===== Provided material =====

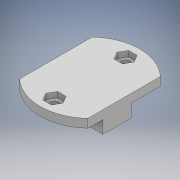
# Autodesk Inventor part: loadCelMountLower
Saved by Autodesk Inventor 2018 (Build 220112000, 112)
## iProperties
Created: 2018-05-09
Part Number: loadCelMountLower
Material: Generic
Document SubType Name: Modeling
Designer: s4321966
Density: 1 g/cm^3
Appearance: Default
Mass: 2.51885 g
Surface Area: 23.0302 cm^2
Volume: 2.51885 cm^3
Author: s4321966
Autodesk Inventor part; units mm, degrees
ref_plane "YZ Plane" through (0, 0, 0) normal (1, 0, 0) x (0, 1, 0)
ref_plane "XZ Plane" through (0, 0, 0) normal (0, 1, 0) x (-1, 0, 0)
ref_plane "XY Plane" through (0, 0, 0) normal (0, 0, 1) x (1, 0, 0)
sketch "Sketch1" plane through (0, 0, 0) normal (0, 0, 1) x (1, 0, 0)
  line L0 (0, 0) -> (4, 0)
  line L1 (4, 0) -> (4, 13)
  line L2 (4, 13) -> (0, 13)
  line L3 (0, 13) -> (0, 0)
  line L4 (4, 13) -> (-4, 13)
  line L5 (-4, 13) -> (-4, -8)
  line L6 (-4, -8) -> (4, -8)
  line L7 (4, -8) -> (4, 13)
  line L8 (-4, 13) -> (4, 13)
  line L9 (4, 13) -> (4, 21)
  line L10 (4, 21) -> (-4, 21)
  line L11 (-4, 21) -> (-4, 13)
  line L12 (4, 21) -> (7, 21)
  line L13 (7, 21) -> (7, 13)
  line L14 (7, 13) -> (4, 13)
  line L15 (4, 13) -> (4, 21)
  line L16 (7, 21) -> (11, 21)
  line L17 (11, 21) -> (11, 13)
  line L18 (11, 13) -> (7, 13)
  line L19 (7, 13) -> (7, 21)
  line L20 (11, 13) -> (4, 13)
  line L21 (4, 13) -> (4, -8)
  line L22 (4, -8) -> (11, -8)
  line L23 (4, -8) -> (11, -8)
  line L24 (11, -8) -> (11, 0)
  line L25 (11, 0) -> (4, 0)
  line L26 (4, 0) -> (4, -8)
  line L27 (11, -8) -> (14, -8)
  line L28 (14, -8) -> (14, 0)
  line L29 (14, 0) -> (11, 0)
  line L30 (11, 0) -> (11, -8)
  line L31 (14, -8) -> (19, -8)
  line L32 (19, -8) -> (19, 13)
  line L33 (19, 13) -> (14, 13)
  line L34 (14, 13) -> (14, -8)
  line L35 (14, 13) -> (22, 13)
  line L36 (14, 18) -> (14, 13)
  line L37 (19, 13) -> (14, 13)
  line L38 (14, 13) -> (14, 21)
  line L39 (14, 21) -> (19, 21)
  line L40 (19, 21) -> (19, 13)
  line L41 (19, -8) -> (-19, -8)
  line L42 (-19, -8) -> (-19, 0)
  line L43 (-19, 0) -> (19, 0)
  line L44 (19, 0) -> (19, -8)
  line L45 (-4, 0) -> (-7, 0)
  line L46 (-7, 0) -> (-7, -8)
  line L47 (-7, -8) -> (-4, -8)
  line L48 (-4, -8) -> (-4, 0)
  line L49 (-7, 0) -> (-11, 0)
  line L50 (-11, 0) -> (-11, -8)
  line L51 (-11, -8) -> (-7, -8)
  line L52 (-7, -8) -> (-7, 0)
  line L53 (-11, -8) -> (-14, -8)
  line L54 (-14, -8) -> (-14, 0)
  line L55 (-14, 0) -> (-11, 0)
  line L56 (-11, 0) -> (-11, -8)
  line L57 (7, 13) -> (11, 13)
  line L58 (11, 13) -> (11, 3)
  line L59 (11, 3) -> (7, 3)
  line L60 (7, 3) -> (7, 13)
  line L61 (-4, 13) -> (-7, 13)
  line L62 (-7, 13) -> (-7, 21)
  line L63 (-7, 21) -> (-4, 21)
  line L64 (-4, 21) -> (-4, 13)
  line L65 (-7, 21) -> (-11, 21)
  line L66 (-11, 21) -> (-11, 13)
  line L67 (-11, 13) -> (-7, 13)
  line L68 (-7, 13) -> (-7, 21)
  line L69 (-7, 13) -> (-11, 13)
  line L70 (-11, 13) -> (-11, 3)
  line L71 (-11, 3) -> (-7, 3)
  line L72 (-7, 3) -> (-7, 13)
  line L73 (-19, -8) -> (-14, -8)
  line L74 (-14, -8) -> (-14, 13)
  line L75 (-14, 13) -> (-19, 13)
  line L76 (-19, 13) -> (-19, -8)
  dimension "d0" = 4
  dimension "d1" = 13
  dimension "d2" = 8
  dimension "d3" = 21
  dimension "d4" = 8
  dimension "d5" = 8
  dimension "d6" = 3
  dimension "d7" = 8
  dimension "d8" = 4
  dimension "d9" = 8
  dimension "d10" = 3
  dimension "d11" = 8
  dimension "d12" = 5
  dimension "d13" = 21
  dimension "d16" = 5
  dimension "d17" = 8
  dimension "d18" = 38
  dimension "d19" = 8
  dimension "d20" = 3
  dimension "d21" = 8
  dimension "d22" = 4
  dimension "d23" = 8
  dimension "d24" = 3
  dimension "d25" = 8
  dimension "d26" = 10
  dimension "d27" = 3
  dimension "d28" = 8
  dimension "d29" = 4
  dimension "d30" = 8
  dimension "d31" = 4
  dimension "d32" = 10
  dimension "d33" = 5
  dimension "d34" = 21
  constraints: 154 end point, 37 parallel, 20 horizontal, 19 perpendicular, 2 point on line
  measures "d0" distance of L2.end L1.end
  measures "d1" distance of L1.end L0.end
  measures "d2" distance of L6.end L5.end
  measures "d3" distance of L5.end L4.end
  measures "d4" distance of L10.end L9.end
  measures "d5" distance of L9.end L8.end
  measures "d6" distance of L13.end L14.end
  measures "d7" distance of L12.end L13.end
  measures "d8" distance of L17.end L18.end
  measures "d9" distance of L16.end L17.end
  measures "d10" distance of L29.end L28.end
  measures "d11" distance of L28.end L27.end
  measures "d12" distance of L33.end L32.end
  measures "d13" distance of L32.end L31.end
  measures "d16" distance of L38.end L39.end
  measures "d17" distance of L37.end L38.end
  measures "d18" distance of L42.end L43.end
  measures "d19" distance of L41.end L42.end
  measures "d20" distance of L47.end L46.end
  measures "d21" distance of L46.end L45.end
  measures "d22" distance of L51.end L50.end
  measures "d23" distance of L50.end L49.end
  measures "d24" distance of L54.end L55.end
  measures "d25" distance of L53.end L54.end
  measures "d26" distance of L57.end L58.end
  measures "d27" distance of L62.end L63.end
  measures "d28" distance of L61.end L62.end
  measures "d29" distance of L67.end L66.end
  measures "d30" distance of L66.end L65.end
  measures "d31" distance of L71.end L70.end
  measures "d32" distance of L70.end L69.end
  measures "d33" distance of L75.end L74.end
  measures "d34" distance of L74.end L73.end
extrude "Extrusion1" add sketch "Sketch1" along normal blind 2.5 contours L3 L2 L1 L0 | L43 L5 L4 L3 | L0 L7 L6 L5 L43 | L25 L24 L22 L7 | L4 L11 L10 L9 L2 | L5 L41 L46 L43 | L9 L12 L13 L14 | L29 L28 L27 L24 | L61 L62 L63 L11 | L46 L41 L50 L43 | L13 L16 L17 L18 | L18 L58 L59 L60 | L43 L32 L31 L28 | L34 L33 L32 L43 | L67 L66 L65 L62 | L72 L71 L70 L67 | L50 L41 L54 L43 | L54 L41 L42 L43 | L43 L76 L75 L74
sketch "Sketch2" plane through (0, 0, 2.5) normal (0, 0, 1) x (1, 0, 0)
  line L0 (-14, 13) -> (-19, 13) projected
  line L1 (-19, 13) -> (-14, 13)
  line L2 (-14, 13) -> (-14, 8)
  line L3 (-14, 8) -> (-19, 8)
  line L4 (-19, 8) -> (-19, 13)
  line L5 (14, 13) -> (19, 13)
  line L6 (19, 13) -> (19, 8)
  line L7 (19, 8) -> (14, 8)
  line L8 (14, 8) -> (14, 13)
  line L9 (-20.5, 6.5) -> (-12.5, 6.5)
  line L10 (-12.5, 6.5) -> (-12.5, 14.5)
  line L11 (-12.5, 14.5) -> (-20.5, 14.5)
  line L12 (-20.5, 14.5) -> (-20.5, 6.5)
  line L13 (12.5, 6.5) -> (20.5, 6.5)
  line L14 (20.5, 6.5) -> (20.5, 14.5)
  line L15 (20.5, 14.5) -> (12.5, 14.5)
  line L16 (12.5, 14.5) -> (12.5, 6.5)
  line L17 (-20.5, 14.5) -> (-19, 14.5)
  line L18 (-19, 14.5) -> (-19, 4.5)
  line L19 (-19, 4.5) -> (-20.5, 4.5)
  line L20 (-20.5, 4.5) -> (-20.5, 14.5)
  line L21 (-14, 0) -> (-14, 13) projected
  line L22 (-12.5, 14.5) -> (-14, 14.5)
  line L23 (-14, 14.5) -> (-14, 4.5)
  line L24 (-14, 4.5) -> (-12.5, 4.5)
  line L25 (-12.5, 4.5) -> (-12.5, 14.5)
  line L26 (-19, 14.5) -> (-14, 14.5)
  line L27 (-14, 14.5) -> (-14, 13)
  line L28 (-14, 13) -> (-19, 13)
  line L29 (-19, 13) -> (-19, 14.5)
  line L30 (12.5, 14.5) -> (20.5, 14.5)
  line L31 (20.5, 14.5) -> (20.5, 13)
  line L32 (20.5, 13) -> (12.5, 13)
  line L33 (12.5, 13) -> (12.5, 14.5)
  line L34 (14, 13) -> (14, 0) projected
  line L35 (12.5, 14.5) -> (14, 14.5)
  line L36 (14, 14.5) -> (14, 4.5)
  line L37 (14, 4.5) -> (12.5, 4.5)
  line L38 (12.5, 4.5) -> (12.5, 14.5)
  line L39 (19, -8) -> (19, 13) projected
  line L40 (20.5, 14.5) -> (19, 14.5)
  line L41 (19, 14.5) -> (19, 4.5)
  line L42 (19, 4.5) -> (20.5, 4.5)
  line L43 (20.5, 4.5) -> (20.5, 14.5)
  point P0 (0, 0)
  dimension "d37" = 5
  dimension "d38" = 5
  dimension "d39" = 5
  dimension "d40" = 5
  dimension "d41" = 1.5
  dimension "d42" = 1.5
  dimension "d43" = 1.5
  dimension "d44" = 10
  dimension "d45" = 10
  dimension "d46" = 10
  constraints: 80 end point, 20 parallel, 10 perpendicular, 8 horizontal, 6 point on line, 6 other
  measures "d37" distance of L2.end L3.end
  measures "d38" distance of L1.end L2.end
  measures "d39" distance of L6.end L7.end
  measures "d40" distance of L5.end L6.end
  measures "d41" distance between parallel lines of L3 L9
  measures "d42" distance between parallel lines of L7 L13
  measures "d43" distance of L18.end L19.end
  measures "d44" distance of L17.end L18.end
  measures "d45" distance of L35.end L36.end
  measures "d46" distance of L41.end L40.end
extrude "Extrusion2" add sketch "Sketch2" along normal blind 3 contours L23 L11 L10 L9 L21 L2 | L0 L18 L11 L23 | L4 L18 L9 L12 L11 | L9 L25 L24 L21 | L18 L19 L20 L9 | L36 L15 L41 L5 | L8 L34 L13 L16 L32 | L32 L16 L15 L36 | L32 L14 L13 L39 L6 | L41 L15 L14 L32 | L34 L37 L38 L13 | L13 L43 L42 L39
sketch "Sketch4" plane through (0, 0, 5.5) normal (0, 0, 1) x (1, 0, 0)
  line L0 (-12.5, 14.5) -> (-20.5, 14.5) projected
  line L1 (-12.5, 4.5) -> (-12.5, 14.5) projected
  line L2 (-20.5, 14.5) -> (-12.5, 14.5)
  line L3 (-12.5, 14.5) -> (-12.5, 4.5)
  line L4 (-12.5, 4.5) -> (-20.5, 4.5)
  line L5 (-20.5, 4.5) -> (-20.5, 14.5)
  line L6 (12.5, 14.5) -> (12.5, 4.5) projected
  line L7 (20.5, 4.5) -> (20.5, 14.5) projected
  line L8 (12.5, 14.5) -> (20.5, 14.5)
  line L9 (20.5, 14.5) -> (20.5, 4.5)
  line L10 (20.5, 4.5) -> (12.5, 4.5)
  line L11 (12.5, 4.5) -> (12.5, 14.5)
  point P0 (0, 0)
  constraints: 16 end point, 4 parallel, 2 horizontal, 2 perpendicular
extrude "Extrusion3" add sketch "Sketch4" along normal blind 1.5
sketch "Sketch5" plane through (0, 0, 7) normal (0, 0, 1) x (1, 0, 0)
  line L0 (-12.5, 14.5) -> (-20.5, 14.5) projected
  line L1 (20.5, 4.5) -> (20.5, 14.5) projected
  line L2 (-20.5, 14.5) -> (20.5, 14.5)
  line L3 (20.5, 14.5) -> (20.5, 4.5)
  line L4 (20.5, 4.5) -> (-20.5, 4.5)
  line L5 (-20.5, 4.5) -> (-20.5, 14.5)
  line L6 (-20.5, 14.5) -> (-20.5, 4.5) projected
  line L7 (-20.5, 9.5) -> (20.5, 9.5)
  line L8 (0, 9.5) -> (0, 14.5)
  circle A0 centre (0, 9.5) radius 17.5
  point P0 (0, 0)
  constraints: 12 end point, 4 midpoint, 2 parallel, 1 centre point, 1 coincident, 1 horizontal, 1 perpendicular
extrude "Extrusion4" add sketch "Sketch5" along normal blind 1.5
sketch "Sketch6" plane through (0, 0, 8.5) normal (0, 0, 1) x (1, 0, 0)
  arc A0 (16.7705, 14.5) -> (-16.7705, 14.5) centre (0, 9.5) ccw projected
  circle A1 centre (0, 9.5) radius 17.5
  circle A2 centre (0, 9.5) radius 7.5
  circle A3 centre (0, 9.5) radius 12.5
  line L0 (12.5, 14.5) -> (12.5, 4.5) projected
  circle A4 centre (0, 9.5) radius 10
  circle A5 centre (0, -0.5) radius 1.651
  circle A6 centre (0, 2) radius 1.651
  circle A7 centre (7.5, 9.5) radius 1.651
  circle A8 centre (-7.5, 9.5) radius 1.651
  circle A9 centre (0, 17) radius 1.651
  circle A10 centre (0, 22) radius 1.651
  circle A11 centre (0, -3) radius 1.651
  point P0 (0, 0)
  dimension "d54" = 20
  dimension "d53" = 15
  dimension "d55" = 3.302
  dimension "d56" = 3.302
  dimension "d57" = 3.302
  dimension "d58" = 3.302
  dimension "d59" = 3.302
  dimension "d62" = 3.302
  dimension "d63" = 3.302
  constraints: 9 centre point, 6 point on circle, 4 coincident, 1 tangent, 1 vertical alignment, 5 other
  measures "d53" diameter of A2
  measures "d55" diameter of A5
  measures "d56" diameter of A6
  measures "d57" diameter of A7
  measures "d58" diameter of A8
  measures "d59" diameter of A9
  measures "d62" diameter of A10
  measures "d63" diameter of A11
extrude "Extrusion5" cut sketch "Sketch6" against normal blind 2.5 contours A2 A7 | A2 A7 | A8 A2 | A2 A8 | A11 A5 | A5 A11 A3 | A3 A11 | A10 A3 | A3 A10
sketch "Sketch7" plane through (0, 0, 2.5) normal (0, 0, -1) x (-1, 0, 0)
  line L0 (-36.0395, -19.2499) -> (42.4279, -19.2499)
  line L1 (42.4279, -19.2499) -> (42.4279, 35.743)
  line L2 (42.4279, 35.743) -> (-36.0395, 35.743)
  line L3 (-36.0395, 35.743) -> (-36.0395, -19.2499)
  point P0 (0, 0)
  constraints: 8 end point, 2 parallel, 1 horizontal, 1 perpendicular
extrude "Extrusion6" cut sketch "Sketch7" along normal blind 2.5
sketch "Sketch8" plane through (0, 0, 2.5) normal (0, 0, -1) x (-1, 0, 0)
  line L0 (-12.5, 14.5) -> (-12.5, 4.5) projected
  line L1 (-12.5, 14.5) -> (-13, 14.5)
  line L2 (-13, 14.5) -> (-13, 4.5)
  line L3 (-13, 4.5) -> (-12.5, 4.5)
  line L4 (-12.5, 4.5) -> (-12.5, 14.5)
  line L5 (12.5, 4.5) -> (12.5, 14.5) projected
  line L6 (12.5, 14.5) -> (13, 14.5)
  line L7 (13, 14.5) -> (13, 4.5)
  line L8 (13, 4.5) -> (12.5, 4.5)
  line L9 (12.5, 4.5) -> (12.5, 14.5)
  point P0 (0, 0)
  dimension "d66" = 0.5
  dimension "d67" = 10
  dimension "d68" = 0.5
  dimension "d69" = 10
  constraints: 16 end point, 4 parallel, 2 horizontal, 2 perpendicular
  measures "d66" distance of L3.end L2.end
  measures "d67" distance of L2.end L1.end
  measures "d68" distance of L7.end L8.end
  measures "d69" distance of L6.end L7.end
extrude "Extrusion7" cut sketch "Sketch8" against normal blind 4.5
sketch "Sketch10" plane through (0, 0, 2.5) normal (0, 0, -1) x (-1, 0, 0)
  line L0 (19, 13) -> (19, 4.5) projected
  line L1 (19, 13) -> (14, 13)
  line L2 (14, 13) -> (14, -8)
  line L3 (14, -8) -> (19, -8)
  line L4 (19, -8) -> (19, 13)
  line L5 (14, -8) -> (11, -8)
  line L6 (11, -8) -> (11, 0)
  line L7 (11, 0) -> (14, 0)
  line L8 (14, 0) -> (14, -8)
  line L9 (11, -8) -> (7, -8)
  line L10 (7, -8) -> (7, 0)
  line L11 (7, 0) -> (11, 0)
  line L12 (11, 0) -> (11, -8)
  line L13 (7, -8) -> (4, -8)
  line L14 (4, -8) -> (4, 0)
  line L15 (4, 0) -> (7, 0)
  line L16 (7, 0) -> (7, -8)
  line L17 (4, -8) -> (0, -8)
  line L18 (0, -8) -> (0, 0)
  line L19 (0, 0) -> (4, 0)
  line L20 (4, 0) -> (4, -8)
  line L21 (0, 0) -> (-4, 0)
  line L22 (-4, 0) -> (-4, -8)
  line L23 (-4, -8) -> (0, -8)
  line L24 (0, -8) -> (0, 0)
  line L25 (-4, -8) -> (-7, -8)
  line L26 (-7, -8) -> (-7, 0)
  line L27 (-7, 0) -> (-4, 0)
  line L28 (-4, 0) -> (-4, -8)
  line L29 (-7, -8) -> (-11, -8)
  line L30 (-11, -8) -> (-11, 0)
  line L31 (-11, 0) -> (-7, 0)
  line L32 (-7, 0) -> (-7, -8)
  line L33 (-11, -8) -> (-14, -8)
  line L34 (-14, -8) -> (-14, 0)
  line L35 (-14, 0) -> (-11, 0)
  line L36 (-11, 0) -> (-11, -8)
  line L37 (-14, -8) -> (-19, -8)
  line L38 (-19, -8) -> (-19, 13)
  line L39 (-19, 13) -> (-14, 13)
  line L40 (-14, 13) -> (-14, -8)
  line L41 (4, -8) -> (-4, -8)
  line L42 (-4, -8) -> (-4, 21)
  line L43 (-4, 21) -> (4, 21)
  line L44 (4, 21) -> (4, -8)
  line L45 (4, 21) -> (7, 21)
  line L46 (7, 21) -> (7, 13)
  line L47 (7, 13) -> (4, 13)
  line L48 (4, 13) -> (4, 21)
  line L49 (-4, 21) -> (-7, 21)
  line L50 (-7, 21) -> (-7, 13)
  line L51 (-7, 13) -> (-4, 13)
  line L52 (-4, 13) -> (-4, 21)
  line L53 (4, 0) -> (14, 0)
  line L54 (14, 0) -> (14, 3)
  line L55 (14, 3) -> (4, 3)
  line L56 (4, 3) -> (4, 0)
  line L57 (7, 13) -> (4, 13)
  line L58 (4, 13) -> (4, 3)
  line L59 (4, 3) -> (7, 3)
  line L60 (7, 3) -> (7, 13)
  line L61 (7, 3) -> (12, 3)
  line L62 (12, 3) -> (12, 13)
  line L63 (12, 13) -> (7, 13)
  line L64 (7, 13) -> (7, 3)
  line L65 (12, 13) -> (7, 13)
  line L66 (7, 13) -> (7, 21)
  line L67 (7, 21) -> (12, 21)
  line L68 (12, 21) -> (12, 13)
  line L69 (7, 3) -> (11, 3)
  line L70 (11, 3) -> (11, 21)
  line L71 (11, 21) -> (7, 21)
  line L72 (7, 21) -> (7, 3)
  line L73 (-7, 21) -> (-11, 21)
  line L74 (-11, 21) -> (-11, 8)
  line L75 (-11, 8) -> (-7, 8)
  line L76 (-7, 8) -> (-7, 21)
  line L77 (-11, 8) -> (-7, 8)
  line L78 (-7, 8) -> (-7, 3)
  line L79 (-7, 3) -> (-11, 3)
  line L80 (-11, 3) -> (-11, 8)
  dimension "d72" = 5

=====

◆ Exercise requirements
Would you print exactly and only the lines of the material above that run from the line with "circle A2 centre (0, 9.5) radius 7.5" through the line with "circle A6 centre (0, 2) radius 1.651", both included?

◆ Solution to this task
  circle A2 centre (0, 9.5) radius 7.5
  circle A3 centre (0, 9.5) radius 12.5
  line L0 (12.5, 14.5) -> (12.5, 4.5) projected
  circle A4 centre (0, 9.5) radius 10
  circle A5 centre (0, -0.5) radius 1.651
  circle A6 centre (0, 2) radius 1.651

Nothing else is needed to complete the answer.